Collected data
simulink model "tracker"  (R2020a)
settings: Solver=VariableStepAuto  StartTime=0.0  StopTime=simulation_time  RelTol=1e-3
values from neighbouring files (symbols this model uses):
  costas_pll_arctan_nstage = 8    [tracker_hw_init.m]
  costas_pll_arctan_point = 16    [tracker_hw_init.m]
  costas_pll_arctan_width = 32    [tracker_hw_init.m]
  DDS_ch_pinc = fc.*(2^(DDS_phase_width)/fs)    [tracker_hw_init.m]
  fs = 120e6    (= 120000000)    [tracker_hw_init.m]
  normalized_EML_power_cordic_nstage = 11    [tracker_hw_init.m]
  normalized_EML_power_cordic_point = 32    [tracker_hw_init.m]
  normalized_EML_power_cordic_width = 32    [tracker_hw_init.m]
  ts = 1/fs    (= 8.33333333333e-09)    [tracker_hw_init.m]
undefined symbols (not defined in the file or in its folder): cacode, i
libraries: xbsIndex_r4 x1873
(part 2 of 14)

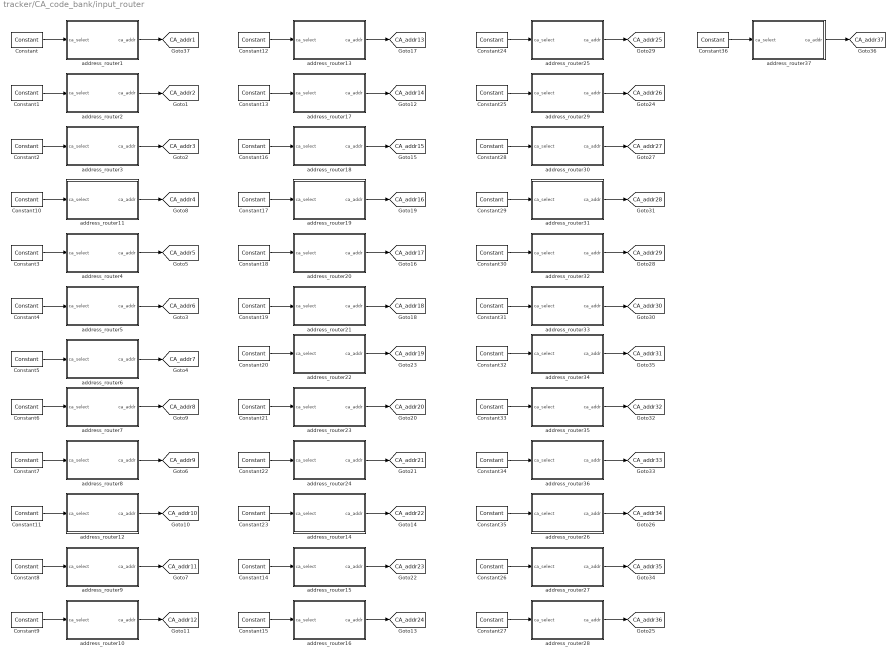
== system tracker/CA_code_bank/input_router ==
  Constant : xbsIndex_r4/Constant  const=0  gui_display_data_type=Fixed-point  arith_type=Unsigned  n_bits=6  bin_pt=0  preci_type=Single  exp_width=8  frac_width=24  explicit_period=off  period=1  equ=P=C  opselect=C  inp2=PCIN>>17  opr=+  inp1=P  carry=CIN  dbl_ovrd=off  block_type=constant
  Constant1 : xbsIndex_r4/Constant  const=1.0  gui_display_data_type=Fixed-point  arith_type=Unsigned  n_bits=6  bin_pt=0  preci_type=Single  exp_width=8  frac_width=24  explicit_period=off  period=1  equ=P=C  opselect=C  inp2=PCIN>>17  opr=+  inp1=P  carry=CIN  dbl_ovrd=off  block_type=constant
  Constant10 : xbsIndex_r4/Constant  const=3  gui_display_data_type=Fixed-point  arith_type=Unsigned  n_bits=6  bin_pt=0  preci_type=Single  exp_width=8  frac_width=24  explicit_period=off  period=1  equ=P=C  opselect=C  inp2=PCIN>>17  opr=+  inp1=P  carry=CIN  dbl_ovrd=off  block_type=constant
  Constant11 : xbsIndex_r4/Constant  const=9  gui_display_data_type=Fixed-point  arith_type=Unsigned  n_bits=6  bin_pt=0  preci_type=Single  exp_width=8  frac_width=24  explicit_period=off  period=1  equ=P=C  opselect=C  inp2=PCIN>>17  opr=+  inp1=P  carry=CIN  dbl_ovrd=off  block_type=constant
  Constant12 : xbsIndex_r4/Constant  const=12  gui_display_data_type=Fixed-point  arith_type=Unsigned  n_bits=6  bin_pt=0  preci_type=Single  exp_width=8  frac_width=24  explicit_period=off  period=1  equ=P=C  opselect=C  inp2=PCIN>>17  opr=+  inp1=P  carry=CIN  dbl_ovrd=off  block_type=constant
  Constant13 : xbsIndex_r4/Constant  const=13  gui_display_data_type=Fixed-point  arith_type=Unsigned  n_bits=6  bin_pt=0  preci_type=Single  exp_width=8  frac_width=24  explicit_period=off  period=1  equ=P=C  opselect=C  inp2=PCIN>>17  opr=+  inp1=P  carry=CIN  dbl_ovrd=off  block_type=constant
  Constant14 : xbsIndex_r4/Constant  const=22  gui_display_data_type=Fixed-point  arith_type=Unsigned  n_bits=6  bin_pt=0  preci_type=Single  exp_width=8  frac_width=24  explicit_period=off  period=1  equ=P=C  opselect=C  inp2=PCIN>>17  opr=+  inp1=P  carry=CIN  dbl_ovrd=off  block_type=constant
  Constant15 : xbsIndex_r4/Constant  const=23  gui_display_data_type=Fixed-point  arith_type=Unsigned  n_bits=6  bin_pt=0  preci_type=Single  exp_width=8  frac_width=24  explicit_period=off  period=1  equ=P=C  opselect=C  inp2=PCIN>>17  opr=+  inp1=P  carry=CIN  dbl_ovrd=off  block_type=constant
  Constant16 : xbsIndex_r4/Constant  const=14  gui_display_data_type=Fixed-point  arith_type=Unsigned  n_bits=6  bin_pt=0  preci_type=Single  exp_width=8  frac_width=24  explicit_period=off  period=1  equ=P=C  opselect=C  inp2=PCIN>>17  opr=+  inp1=P  carry=CIN  dbl_ovrd=off  block_type=constant
  Constant17 : xbsIndex_r4/Constant  const=15  gui_display_data_type=Fixed-point  arith_type=Unsigned  n_bits=6  bin_pt=0  preci_type=Single  exp_width=8  frac_width=24  explicit_period=off  period=1  equ=P=C  opselect=C  inp2=PCIN>>17  opr=+  inp1=P  carry=CIN  dbl_ovrd=off  block_type=constant
  Constant18 : xbsIndex_r4/Constant  const=16  gui_display_data_type=Fixed-point  arith_type=Unsigned  n_bits=6  bin_pt=0  preci_type=Single  exp_width=8  frac_width=24  explicit_period=off  period=1  equ=P=C  opselect=C  inp2=PCIN>>17  opr=+  inp1=P  carry=CIN  dbl_ovrd=off  block_type=constant
  Constant19 : xbsIndex_r4/Constant  const=17  gui_display_data_type=Fixed-point  arith_type=Unsigned  n_bits=6  bin_pt=0  preci_type=Single  exp_width=8  frac_width=24  explicit_period=off  period=1  equ=P=C  opselect=C  inp2=PCIN>>17  opr=+  inp1=P  carry=CIN  dbl_ovrd=off  block_type=constant
  Constant2 : xbsIndex_r4/Constant  const=2  gui_display_data_type=Fixed-point  arith_type=Unsigned  n_bits=6  bin_pt=0  preci_type=Single  exp_width=8  frac_width=24  explicit_period=off  period=1  equ=P=C  opselect=C  inp2=PCIN>>17  opr=+  inp1=P  carry=CIN  dbl_ovrd=off  block_type=constant
  Constant20 : xbsIndex_r4/Constant  const=18  gui_display_data_type=Fixed-point  arith_type=Unsigned  n_bits=6  bin_pt=0  preci_type=Single  exp_width=8  frac_width=24  explicit_period=off  period=1  equ=P=C  opselect=C  inp2=PCIN>>17  opr=+  inp1=P  carry=CIN  dbl_ovrd=off  block_type=constant
  Constant21 : xbsIndex_r4/Constant  const=19  gui_display_data_type=Fixed-point  arith_type=Unsigned  n_bits=6  bin_pt=0  preci_type=Single  exp_width=8  frac_width=24  explicit_period=off  period=1  equ=P=C  opselect=C  inp2=PCIN>>17  opr=+  inp1=P  carry=CIN  dbl_ovrd=off  block_type=constant
  Constant22 : xbsIndex_r4/Constant  const=20  gui_display_data_type=Fixed-point  arith_type=Unsigned  n_bits=6  bin_pt=0  preci_type=Single  exp_width=8  frac_width=24  explicit_period=off  period=1  equ=P=C  opselect=C  inp2=PCIN>>17  opr=+  inp1=P  carry=CIN  dbl_ovrd=off  block_type=constant
  Constant23 : xbsIndex_r4/Constant  const=21  gui_display_data_type=Fixed-point  arith_type=Unsigned  n_bits=6  bin_pt=0  preci_type=Single  exp_width=8  frac_width=24  explicit_period=off  period=1  equ=P=C  opselect=C  inp2=PCIN>>17  opr=+  inp1=P  carry=CIN  dbl_ovrd=off  block_type=constant
  Constant24 : xbsIndex_r4/Constant  const=24  gui_display_data_type=Fixed-point  arith_type=Unsigned  n_bits=6  bin_pt=0  preci_type=Single  exp_width=8  frac_width=24  explicit_period=off  period=1  equ=P=C  opselect=C  inp2=PCIN>>17  opr=+  inp1=P  carry=CIN  dbl_ovrd=off  block_type=constant
  Constant25 : xbsIndex_r4/Constant  const=25  gui_display_data_type=Fixed-point  arith_type=Unsigned  n_bits=6  bin_pt=0  preci_type=Single  exp_width=8  frac_width=24  explicit_period=off  period=1  equ=P=C  opselect=C  inp2=PCIN>>17  opr=+  inp1=P  carry=CIN  dbl_ovrd=off  block_type=constant
  Constant26 : xbsIndex_r4/Constant  const=34  gui_display_data_type=Fixed-point  arith_type=Unsigned  n_bits=6  bin_pt=0  preci_type=Single  exp_width=8  frac_width=24  explicit_period=off  period=1  equ=P=C  opselect=C  inp2=PCIN>>17  opr=+  inp1=P  carry=CIN  dbl_ovrd=off  block_type=constant
  Constant27 : xbsIndex_r4/Constant  const=35  gui_display_data_type=Fixed-point  arith_type=Unsigned  n_bits=6  bin_pt=0  preci_type=Single  exp_width=8  frac_width=24  explicit_period=off  period=1  equ=P=C  opselect=C  inp2=PCIN>>17  opr=+  inp1=P  carry=CIN  dbl_ovrd=off  block_type=constant
  Constant28 : xbsIndex_r4/Constant  const=26  gui_display_data_type=Fixed-point  arith_type=Unsigned  n_bits=6  bin_pt=0  preci_type=Single  exp_width=8  frac_width=24  explicit_period=off  period=1  equ=P=C  opselect=C  inp2=PCIN>>17  opr=+  inp1=P  carry=CIN  dbl_ovrd=off  block_type=constant
  Constant29 : xbsIndex_r4/Constant  const=27  gui_display_data_type=Fixed-point  arith_type=Unsigned  n_bits=6  bin_pt=0  preci_type=Single  exp_width=8  frac_width=24  explicit_period=off  period=1  equ=P=C  opselect=C  inp2=PCIN>>17  opr=+  inp1=P  carry=CIN  dbl_ovrd=off  block_type=constant
  Constant3 : xbsIndex_r4/Constant  const=4  gui_display_data_type=Fixed-point  arith_type=Unsigned  n_bits=6  bin_pt=0  preci_type=Single  exp_width=8  frac_width=24  explicit_period=off  period=1  equ=P=C  opselect=C  inp2=PCIN>>17  opr=+  inp1=P  carry=CIN  dbl_ovrd=off  block_type=constant
  Constant30 : xbsIndex_r4/Constant  const=28  gui_display_data_type=Fixed-point  arith_type=Unsigned  n_bits=6  bin_pt=0  preci_type=Single  exp_width=8  frac_width=24  explicit_period=off  period=1  equ=P=C  opselect=C  inp2=PCIN>>17  opr=+  inp1=P  carry=CIN  dbl_ovrd=off  block_type=constant
  Constant31 : xbsIndex_r4/Constant  const=29  gui_display_data_type=Fixed-point  arith_type=Unsigned  n_bits=6  bin_pt=0  preci_type=Single  exp_width=8  frac_width=24  explicit_period=off  period=1  equ=P=C  opselect=C  inp2=PCIN>>17  opr=+  inp1=P  carry=CIN  dbl_ovrd=off  block_type=constant
  Constant32 : xbsIndex_r4/Constant  const=30  gui_display_data_type=Fixed-point  arith_type=Unsigned  n_bits=6  bin_pt=0  preci_type=Single  exp_width=8  frac_width=24  explicit_period=off  period=1  equ=P=C  opselect=C  inp2=PCIN>>17  opr=+  inp1=P  carry=CIN  dbl_ovrd=off  block_type=constant
  Constant33 : xbsIndex_r4/Constant  const=31  gui_display_data_type=Fixed-point  arith_type=Unsigned  n_bits=6  bin_pt=0  preci_type=Single  exp_width=8  frac_width=24  explicit_period=off  period=1  equ=P=C  opselect=C  inp2=PCIN>>17  opr=+  inp1=P  carry=CIN  dbl_ovrd=off  block_type=constant
  Constant34 : xbsIndex_r4/Constant  const=32  gui_display_data_type=Fixed-point  arith_type=Unsigned  n_bits=6  bin_pt=0  preci_type=Single  exp_width=8  frac_width=24  explicit_period=off  period=1  equ=P=C  opselect=C  inp2=PCIN>>17  opr=+  inp1=P  carry=CIN  dbl_ovrd=off  block_type=constant
  Constant35 : xbsIndex_r4/Constant  const=33  gui_display_data_type=Fixed-point  arith_type=Unsigned  n_bits=6  bin_pt=0  preci_type=Single  exp_width=8  frac_width=24  explicit_period=off  period=1  equ=P=C  opselect=C  inp2=PCIN>>17  opr=+  inp1=P  carry=CIN  dbl_ovrd=off  block_type=constant
  Constant36 : xbsIndex_r4/Constant  const=36  gui_display_data_type=Fixed-point  arith_type=Unsigned  n_bits=6  bin_pt=0  preci_type=Single  exp_width=8  frac_width=24  explicit_period=off  period=1  equ=P=C  opselect=C  inp2=PCIN>>17  opr=+  inp1=P  carry=CIN  dbl_ovrd=off  block_type=constant
  Constant4 : xbsIndex_r4/Constant  const=5  gui_display_data_type=Fixed-point  arith_type=Unsigned  n_bits=6  bin_pt=0  preci_type=Single  exp_width=8  frac_width=24  explicit_period=off  period=1  equ=P=C  opselect=C  inp2=PCIN>>17  opr=+  inp1=P  carry=CIN  dbl_ovrd=off  block_type=constant
  Constant5 : xbsIndex_r4/Constant  const=6  gui_display_data_type=Fixed-point  arith_type=Unsigned  n_bits=6  bin_pt=0  preci_type=Single  exp_width=8  frac_width=24  explicit_period=off  period=1  equ=P=C  opselect=C  inp2=PCIN>>17  opr=+  inp1=P  carry=CIN  dbl_ovrd=off  block_type=constant
  Constant6 : xbsIndex_r4/Constant  const=7  gui_display_data_type=Fixed-point  arith_type=Unsigned  n_bits=6  bin_pt=0  preci_type=Single  exp_width=8  frac_width=24  explicit_period=off  period=1  equ=P=C  opselect=C  inp2=PCIN>>17  opr=+  inp1=P  carry=CIN  dbl_ovrd=off  block_type=constant
  Constant7 : xbsIndex_r4/Constant  const=8  gui_display_data_type=Fixed-point  arith_type=Unsigned  n_bits=6  bin_pt=0  preci_type=Single  exp_width=8  frac_width=24  explicit_period=off  period=1  equ=P=C  opselect=C  inp2=PCIN>>17  opr=+  inp1=P  carry=CIN  dbl_ovrd=off  block_type=constant
  Constant8 : xbsIndex_r4/Constant  const=10  gui_display_data_type=Fixed-point  arith_type=Unsigned  n_bits=6  bin_pt=0  preci_type=Single  exp_width=8  frac_width=24  explicit_period=off  period=1  equ=P=C  opselect=C  inp2=PCIN>>17  opr=+  inp1=P  carry=CIN  dbl_ovrd=off  block_type=constant
  Constant9 : xbsIndex_r4/Constant  const=11  gui_display_data_type=Fixed-point  arith_type=Unsigned  n_bits=6  bin_pt=0  preci_type=Single  exp_width=8  frac_width=24  explicit_period=off  period=1  equ=P=C  opselect=C  inp2=PCIN>>17  opr=+  inp1=P  carry=CIN  dbl_ovrd=off  block_type=constant
  address_router1 : Subsystem
  address_router10 : Subsystem
  address_router11 : Subsystem
  address_router12 : Subsystem
  address_router13 : Subsystem
  address_router14 : Subsystem
  address_router15 : Subsystem
  address_router16 : Subsystem
  address_router17 : Subsystem
  address_router18 : Subsystem
  address_router19 : Subsystem
  address_router2 : Subsystem
  address_router20 : Subsystem
  address_router21 : Subsystem
  address_router22 : Subsystem
  address_router23 : Subsystem
  address_router24 : Subsystem
  address_router25 : Subsystem
  address_router26 : Subsystem
  address_router27 : Subsystem
  address_router28 : Subsystem
  address_router29 : Subsystem
  address_router3 : Subsystem
  address_router30 : Subsystem
  address_router31 : Subsystem
  address_router32 : Subsystem
  address_router33 : Subsystem
  address_router34 : Subsystem
  address_router35 : Subsystem
  address_router36 : Subsystem
  address_router37 : Subsystem
  address_router4 : Subsystem
  address_router5 : Subsystem
  address_router6 : Subsystem
  address_router7 : Subsystem
  address_router8 : Subsystem
  address_router9 : Subsystem
  tag scope: CA_addr10=global, CA_addr11=global, CA_addr12=global, CA_addr13=global, CA_addr14=global, CA_addr15=global, CA_addr16=global, CA_addr17=global, CA_addr18=global, CA_addr19=global, CA_addr1=global, CA_addr20=global, CA_addr21=global, CA_addr22=global, CA_addr23=global, CA_addr24=global, CA_addr25=global, CA_addr26=global, CA_addr27=global, CA_addr28=global, CA_addr29=global, CA_addr2=global, CA_addr30=global, CA_addr31=global, CA_addr32=global, CA_addr33=global, CA_addr34=global, CA_addr35=global, CA_addr36=global, CA_addr37=global, CA_addr3=global, CA_addr4=global, CA_addr5=global, CA_addr6=global, CA_addr7=global, CA_addr8=global, CA_addr9=global
  wires:
  address_router1/1(ca_addr) -> [CA_addr1]
  Constant/1 -> address_router1/1(ca_select)
  address_router2/1(ca_addr) -> [CA_addr2]
  Constant1/1 -> address_router2/1(ca_select)
  Constant2/1 -> address_router3/1(ca_select)
  address_router3/1(ca_addr) -> [CA_addr3]
  address_router6/1(ca_addr) -> [CA_addr7]
  Constant5/1 -> address_router6/1(ca_select)
  Constant4/1 -> address_router5/1(ca_select)
  address_router5/1(ca_addr) -> [CA_addr6]
  Constant3/1 -> address_router4/1(ca_select)
  address_router4/1(ca_addr) -> [CA_addr5]
  address_router10/1(ca_addr) -> [CA_addr12]
  Constant9/1 -> address_router10/1(ca_select)
  address_router11/1(ca_addr) -> [CA_addr4]
  Constant10/1 -> address_router11/1(ca_select)
  Constant11/1 -> address_router12/1(ca_select)
  address_router12/1(ca_addr) -> [CA_addr10]
  address_router9/1(ca_addr) -> [CA_addr11]
  Constant8/1 -> address_router9/1(ca_select)
  Constant7/1 -> address_router8/1(ca_select)
  address_router8/1(ca_addr) -> [CA_addr9]
  Constant6/1 -> address_router7/1(ca_select)
  address_router7/1(ca_addr) -> [CA_addr8]
  address_router22/1(ca_addr) -> [CA_addr19]
  Constant20/1 -> address_router22/1(ca_select)
  address_router23/1(ca_addr) -> [CA_addr20]
  Constant21/1 -> address_router23/1(ca_select)
  Constant22/1 -> address_router24/1(ca_select)
  address_router24/1(ca_addr) -> [CA_addr21]
  address_router16/1(ca_addr) -> [CA_addr24]
  Constant15/1 -> address_router16/1(ca_select)
  Constant14/1 -> address_router15/1(ca_select)
  address_router15/1(ca_addr) -> [CA_addr23]
  Constant23/1 -> address_router14/1(ca_select)
  address_router14/1(ca_addr) -> [CA_addr22]
  address_router19/1(ca_addr) -> [CA_addr16]
  Constant17/1 -> address_router19/1(ca_select)
  address_router20/1(ca_addr) -> [CA_addr17]
  Constant18/1 -> address_router20/1(ca_select)
  Constant19/1 -> address_router21/1(ca_select)
  address_router21/1(ca_addr) -> [CA_addr18]
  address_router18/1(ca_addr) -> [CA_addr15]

* **Problem to solve**
Taking the entries above, print exactly the lines starting at the line with "Constant33 : xbsIndex_r4/Constant" and ending at the line with "Constant6 : xbsIndex_r4/Constant", both included.

* **Response box**
  Constant33 : xbsIndex_r4/Constant  const=31  gui_display_data_type=Fixed-point  arith_type=Unsigned  n_bits=6  bin_pt=0  preci_type=Single  exp_width=8  frac_width=24  explicit_period=off  period=1  equ=P=C  opselect=C  inp2=PCIN>>17  opr=+  inp1=P  carry=CIN  dbl_ovrd=off  block_type=constant
  Constant34 : xbsIndex_r4/Constant  const=32  gui_display_data_type=Fixed-point  arith_type=Unsigned  n_bits=6  bin_pt=0  preci_type=Single  exp_width=8  frac_width=24  explicit_period=off  period=1  equ=P=C  opselect=C  inp2=PCIN>>17  opr=+  inp1=P  carry=CIN  dbl_ovrd=off  block_type=constant
  Constant35 : xbsIndex_r4/Constant  const=33  gui_display_data_type=Fixed-point  arith_type=Unsigned  n_bits=6  bin_pt=0  preci_type=Single  exp_width=8  frac_width=24  explicit_period=off  period=1  equ=P=C  opselect=C  inp2=PCIN>>17  opr=+  inp1=P  carry=CIN  dbl_ovrd=off  block_type=constant
  Constant36 : xbsIndex_r4/Constant  const=36  gui_display_data_type=Fixed-point  arith_type=Unsigned  n_bits=6  bin_pt=0  preci_type=Single  exp_width=8  frac_width=24  explicit_period=off  period=1  equ=P=C  opselect=C  inp2=PCIN>>17  opr=+  inp1=P  carry=CIN  dbl_ovrd=off  block_type=constant
  Constant4 : xbsIndex_r4/Constant  const=5  gui_display_data_type=Fixed-point  arith_type=Unsigned  n_bits=6  bin_pt=0  preci_type=Single  exp_width=8  frac_width=24  explicit_period=off  period=1  equ=P=C  opselect=C  inp2=PCIN>>17  opr=+  inp1=P  carry=CIN  dbl_ovrd=off  block_type=constant
  Constant5 : xbsIndex_r4/Constant  const=6  gui_display_data_type=Fixed-point  arith_type=Unsigned  n_bits=6  bin_pt=0  preci_type=Single  exp_width=8  frac_width=24  explicit_period=off  period=1  equ=P=C  opselect=C  inp2=PCIN>>17  opr=+  inp1=P  carry=CIN  dbl_ovrd=off  block_type=constant
  Constant6 : xbsIndex_r4/Constant  const=7  gui_display_data_type=Fixed-point  arith_type=Unsigned  n_bits=6  bin_pt=0  preci_type=Single  exp_width=8  frac_width=24  explicit_period=off  period=1  equ=P=C  opselect=C  inp2=PCIN>>17  opr=+  inp1=P  carry=CIN  dbl_ovrd=off  block_type=constant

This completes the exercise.